Hammermills have long been used for grinding or comminution of materials. Typically hammermills consist of a rotor mounted on a solid through rotor shaft inside a housing. A material inlet is generally located at the top of the housing with one or more material outlets located near the bottom of the housing. The rotor includes a solid through drive shaft and rows of hammers which are normally flat steel blades or bars. A steel rod or pin pivotably connects the hammer to the rotor. The rotor is mounted inside a typically teardrop shaped enclosure, commonly known as a grinding or working chamber, which is comprised of a cutting plate mounted on either side of the material inlet for reversible hammermills. Reversible hammermills are capable of rotation in either direction, a feature which provides for increased life for the hammers, cutting plates and screen plates. The known cutting plates are comprised of a upper linear section connected with a convex radiused section and do not allow particles to escape.
Downstream of the cutting plate, the interior of the working chamber is defined by curved screen plates. The screen opening diameter is selected to match the desired particle size. Generally, material at or below an intended size limit exit the chamber through the screens while material above the size limit continue to be reduced by the rotating hammers.
Current hammermill rotor designs consist of a solid through rotor shaft which supports a number of cylindrical head disks. The head disks are keyed to the shaft and are spaced along the shaft with ring type spacers, often squeeze collars or the equivalent are employed. The head disks and spacers are held together on the rotor shaft by using bearing locknuts which are positioned on the threaded ends of the rotor shaft. These nuts are then tightened to take the clearance out between the disks and the spacers.
The disks structurally support a number of hammer pins radially around the solid rotor shaft. The swinging hammers are mounted on the hammer pins. The disks structurally support the hammer pins from the centrifugal forces generated by the rotation of the rotor which typically rotates over a range of 1500 to 3600 rpm. The disks also transmit the torque from the rotor shaft to the hammer pins; required to power the hammers through their impact against the product being processed in the hammermill.
In operation, the material to be reduced is fed into the material inlet and is directed toward the rotating hammers. The material is initially impacted by the hammers, which may cause some material reduction. The material is then flung from the hammer face against the cutting plates resulting in a primary reduction of material. After the material impacts the cutting plate, from which there is typically no outlet, the material is either flung back toward the rotating hammers or continues downstream between the hammer tip and the cutting plate until the screen plates are reached.

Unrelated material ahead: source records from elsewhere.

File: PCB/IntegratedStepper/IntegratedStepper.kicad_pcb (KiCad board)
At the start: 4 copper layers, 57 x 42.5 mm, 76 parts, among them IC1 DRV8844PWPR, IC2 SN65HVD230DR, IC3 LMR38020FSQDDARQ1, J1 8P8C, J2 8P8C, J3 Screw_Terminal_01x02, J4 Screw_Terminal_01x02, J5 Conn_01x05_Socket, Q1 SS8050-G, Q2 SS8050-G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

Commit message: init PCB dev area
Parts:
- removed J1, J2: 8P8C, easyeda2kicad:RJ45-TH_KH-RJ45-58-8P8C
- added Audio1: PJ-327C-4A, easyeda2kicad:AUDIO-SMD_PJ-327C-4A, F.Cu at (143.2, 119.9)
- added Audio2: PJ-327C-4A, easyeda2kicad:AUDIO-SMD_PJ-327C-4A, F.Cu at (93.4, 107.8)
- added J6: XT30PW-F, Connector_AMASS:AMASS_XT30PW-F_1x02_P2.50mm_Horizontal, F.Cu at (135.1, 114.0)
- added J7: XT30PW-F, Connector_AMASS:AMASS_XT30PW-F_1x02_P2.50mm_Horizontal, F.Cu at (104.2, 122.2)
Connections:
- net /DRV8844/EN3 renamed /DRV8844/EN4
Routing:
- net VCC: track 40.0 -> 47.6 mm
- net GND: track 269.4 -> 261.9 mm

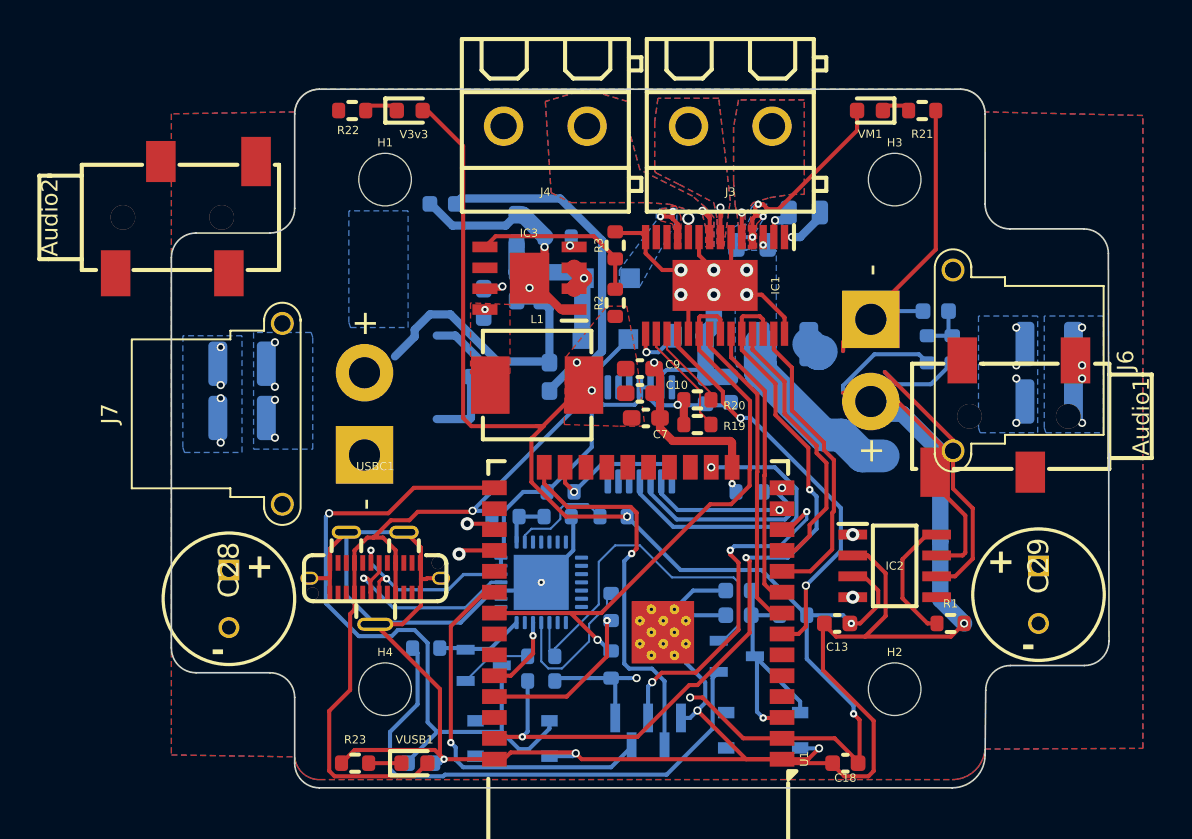
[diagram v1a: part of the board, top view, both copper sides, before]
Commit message: Update PCB with DRV8243 for 12A capacity
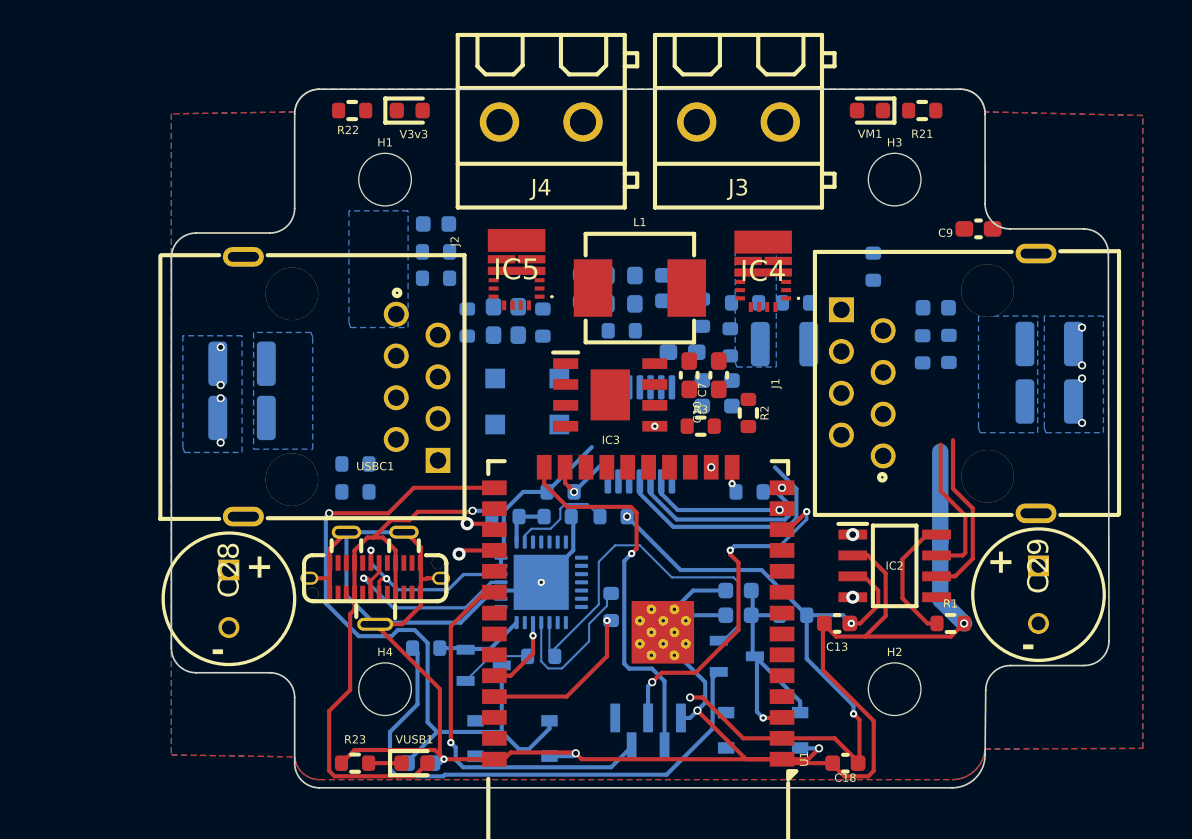
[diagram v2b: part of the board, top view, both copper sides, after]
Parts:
- removed Audio1, Audio2: PJ-327C-4A, easyeda2kicad:AUDIO-SMD_PJ-327C-4A
- removed C1, C3: 0.01uF, Capacitor_SMD:C_0805_2012Metric
- removed C2: 0.1uF, Capacitor_SMD:C_0805_2012Metric
- removed IC1: DRV8844PWPR, SamacSys_Parts:SOP65P640X120-29N
- removed J6, J7: XT30PW-F, Connector_AMASS:AMASS_XT30PW-F_1x02_P2.50mm_Horizontal
- removed R17, R18, R19, R20: 2k, Resistor_SMD:R_0603_1608Metric
- added IC4: DRV8243HQRXYRQ1, SamacSys_Parts:DRV8243HQRXYRQ1, F.Cu at (128.5, 111.1)
- added IC5: DRV8243HQRXYRQ1, SamacSys_Parts:DRV8243HQRXYRQ1, F.Cu at (113.5, 111.0)
- added J1: 8P8C, easyeda2kicad:RJ45-TH_KH-RJ45-58-8P8C, F.Cu at (139.2, 117.9)
- added J2: 8P8C, easyeda2kicad:RJ45-TH_KH-RJ45-58-8P8C, F.Cu at (102.8, 118.1)
- added R_DIAG1: 8.2k, Resistor_SMD:R_0603_1608Metric, B.Cu at (124.8, 113.6)
- added R_DIAG2: 8.2k, Resistor_SMD:R_0603_1608Metric, B.Cu at (110.5, 114.2)
- added R_DRV1: 2k, Resistor_SMD:R_0603_1608Metric, B.Cu at (108.6, 111.5)
- added R_IPROP1: 820, Resistor_SMD:R_0603_1608Metric, B.Cu at (135.2, 110.8)
- added R_IPROP2: 820, Resistor_SMD:R_0603_1608Metric, B.Cu at (117.4, 112.1)
- added R_MODE1: 8.2k, Resistor_SMD:R_0603_1608Metric, B.Cu at (130.5, 113.0)
- added R_MODE2: 8.2k, Resistor_SMD:R_0603_1608Metric, B.Cu at (115.1, 114.2)
- added R_SLEEP1: 2k, Resistor_SMD:R_0603_1608Metric, B.Cu at (126.5, 115.4)
- added R_SR1: 8.2k, Resistor_SMD:R_0603_1608Metric, B.Cu at (127.4, 113.0)
- added R_SR2: 8.2k, Resistor_SMD:R_0603_1608Metric, B.Cu at (108.6, 109.9)
- added R_nFAULT_1: 2k, Resistor_SMD:R_0603_1608Metric, B.Cu at (103.7, 124.5)
- added R_nFAULT_2: 2k, Resistor_SMD:R_0603_1608Metric, B.Cu at (103.7, 122.8)
- moved C9 22.3 mm to (141.6, 108.5), turned to 180 degrees
- moved C11 12.5 mm to (123.6, 116.0), turned to 180 degrees
- moved R3 12.2 mm to (124.7, 120.5), turned to 0 degrees
- moved C25 12.2 mm to (122.4, 112.1), turned to 90 degrees
- moved R2 10.5 mm to (127.6, 119.7), turned to -90 degrees
- moved IC3 8.63 mm to (119.2, 118.6), turned to 0 degrees
- moved L1 8.59 mm to (121.0, 112.1)
- moved D1 8.04 mm to (116.1, 119.0), turned to -90 degrees
- moved D2 7.70 mm to (112.2, 119.0), turned to -90 degrees
- moved C8 7.42 mm to (120.7, 112.2)
- moved R4 6.91 mm to (119.9, 114.7), turned to 0 degrees
- moved C6 6.63 mm to (119.0, 112.2)
- moved C7 5.14 mm to (125.8, 117.4), turned to -90 degrees
- moved C4 3.58 mm to (112.1, 114.1), turned to -90 degrees
- moved C10 3.20 mm to (124.0, 117.4), turned to -90 degrees
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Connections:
- net VCC renamed /3V3_VReg/VM
- J3 pad 1: /DRV8844/OUT1 -> /DRV8844/OUT2
- J3 pad 2: /DRV8844/OUT2 -> /DRV8844/OUT1
- J4 pad 1: /DRV8844/OUT3 -> /DRV8844/OUT4
- J4 pad 2: /DRV8844/OUT4 -> /DRV8844/OUT3
- U1 pad 26: unconnected-(U1-IO4-Pad26) -> /DRV8844/DRVOFF
- U1 pad 29: unconnected-(U1-IO5-Pad29) -> /DRV8844/NSLEEP
- U1 pad 31: /DRV8844/EN4 -> /DRV8844/NFAULT_1
- U1 pad 37: /DRV8844/EN1 -> /DRV8844/NFAULT_2
- U1 pad 6: unconnected-(U1-IO34-Pad6) -> IPROPI_1
- U1 pad 7: /DRV8844/NFAULT -> IPROPI_2
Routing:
- net GND: track 261.9 -> 162.7 mm, vias 24 -> 15
- net 3V3_VCC: track 141.2 -> 57.7 mm, vias 8 -> 4
- net /DRV8844/EN1: track 48.4 -> 0.00 mm, vias 3 -> 0
- net /3V3_VReg/VM: track 47.6 -> 6.13 mm, vias 13 -> 0
- net /DRV8844/EN4: track 35.9 -> 0.00 mm, vias 1 -> 0
- net /DRV8844/NFAULT: track 24.9 -> 0.00 mm, vias 2 -> 0
- net /DRV8844/IN4: track 19.2 -> 0.00 mm
- net /DRV8844/IN1: track 18.3 -> 0.00 mm
- net /DRV8844/IN3: track 17.4 -> 0.00 mm
- net /DRV8844/IN2: track 16.6 -> 0.00 mm
- net V_USB: track 48.7 -> 34.3 mm
- net CANL: track 48.4 -> 34.6 mm
- net VIN: track 11.5 -> 0.00 mm, vias 1 -> 0
- net CANH: track 52.8 -> 41.8 mm
- net Net-(IC3-FB): track 10.7 -> 0.00 mm, vias 0 -> 1
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- removed copper zone on F.Cu, net /3V3_VReg/VM
- removed copper zone on B.Cu, net /DRV8844/OUT1
- removed copper zone on F.Cu, net /DRV8844/OUT1
- removed copper zone on B.Cu, net /DRV8844/OUT2
- removed copper zone on F.Cu, net /DRV8844/OUT2
- removed copper zone on B.Cu, net /DRV8844/OUT3
- removed copper zone on F.Cu, net /DRV8844/OUT3
- removed copper zone on F.Cu, net 3V3_VCC
- removed copper zone on F.Cu, net Net-(IC3-SW)

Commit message: update layout temp
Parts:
- removed C22: 22uF, Capacitor_SMD:C_1210_3225Metric
- removed USBC1: TYPE-C 3.1_C168690, easyeda2kicad:USB-C-SMD_TYPE-C-USB-3
- added USB1: GT-USB-7038C, easyeda2kicad:USB-C-TH_G-SWITCH_GT-USB-7038X, F.Cu at (104.4, 129.4)
- moved D2 130.2 mm to (237.8, 84.5)
- moved D1 130.2 mm to (241.7, 84.5)
- moved C11 122.1 mm to (243.6, 93.3)
- moved C4 122.1 mm to (232.1, 91.5)
- moved C5 122.1 mm to (233.6, 91.5)
- moved C8 122.1 mm to (240.7, 89.5)
- moved C6 122.1 mm to (238.9, 89.5)
- moved R4 122.1 mm to (239.8, 92.0)
- moved IC3 118.4 mm to (235.7, 97.5)
- moved L1 116.6 mm to (235.7, 90.7)
- moved C7 110.4 mm to (235.4, 103.9)
- moved R3 110.4 mm to (234.3, 107.0)
- moved C10 110.4 mm to (233.6, 103.9)
- moved R2 110.4 mm to (237.2, 106.2)
- moved C9 76.7 mm to (215.9, 89.8)
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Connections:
- net V_USB renamed /3V3_VReg/V_USB
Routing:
- net GND: track 162.7 -> 0.00 mm, vias 15 -> 0
- net 3V3_VCC: track 57.7 -> 0.00 mm, vias 4 -> 0
- net IO0: track 44.4 -> 0.00 mm, vias 1 -> 0
- net CANH: track 41.8 -> 0.00 mm
- net CANL: track 34.6 -> 0.00 mm
- net /3V3_VReg/V_USB: track 34.3 -> 0.00 mm, vias 1 -> 0
- net Net-(Q1-B): track 32.8 -> 0.00 mm
- net /CAN_Transciever/CAN_RX: track 27.9 -> 0.00 mm, vias 2 -> 0
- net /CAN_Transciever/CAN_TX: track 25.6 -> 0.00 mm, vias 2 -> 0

Ultimately, the particles encounter the openings of the screen plates. Here, the particles that are small enough begin to exit through the screen openings. The remaining particles impact the leading edge of the screen openings and are deflected up into the hammers' path. The rotating hammers continue to pulverize the material downstream of the cutting plate, moving it along the surface of the screens which define the circumference of the working chamber, causing gradual diminution of the material. Ultimately, the material is ground finely enough to permit it to flow out through the screens.
While the solid rotor shaft hammermill design as described above has been generally accepted and is widely used, there is a constant need and desire to increase the efficiency of the devices. Increasing efficiency will allow operation of the hammermill with decreased power consumption while increasing the capacity of the machine.
The present invention accomplishes these goals.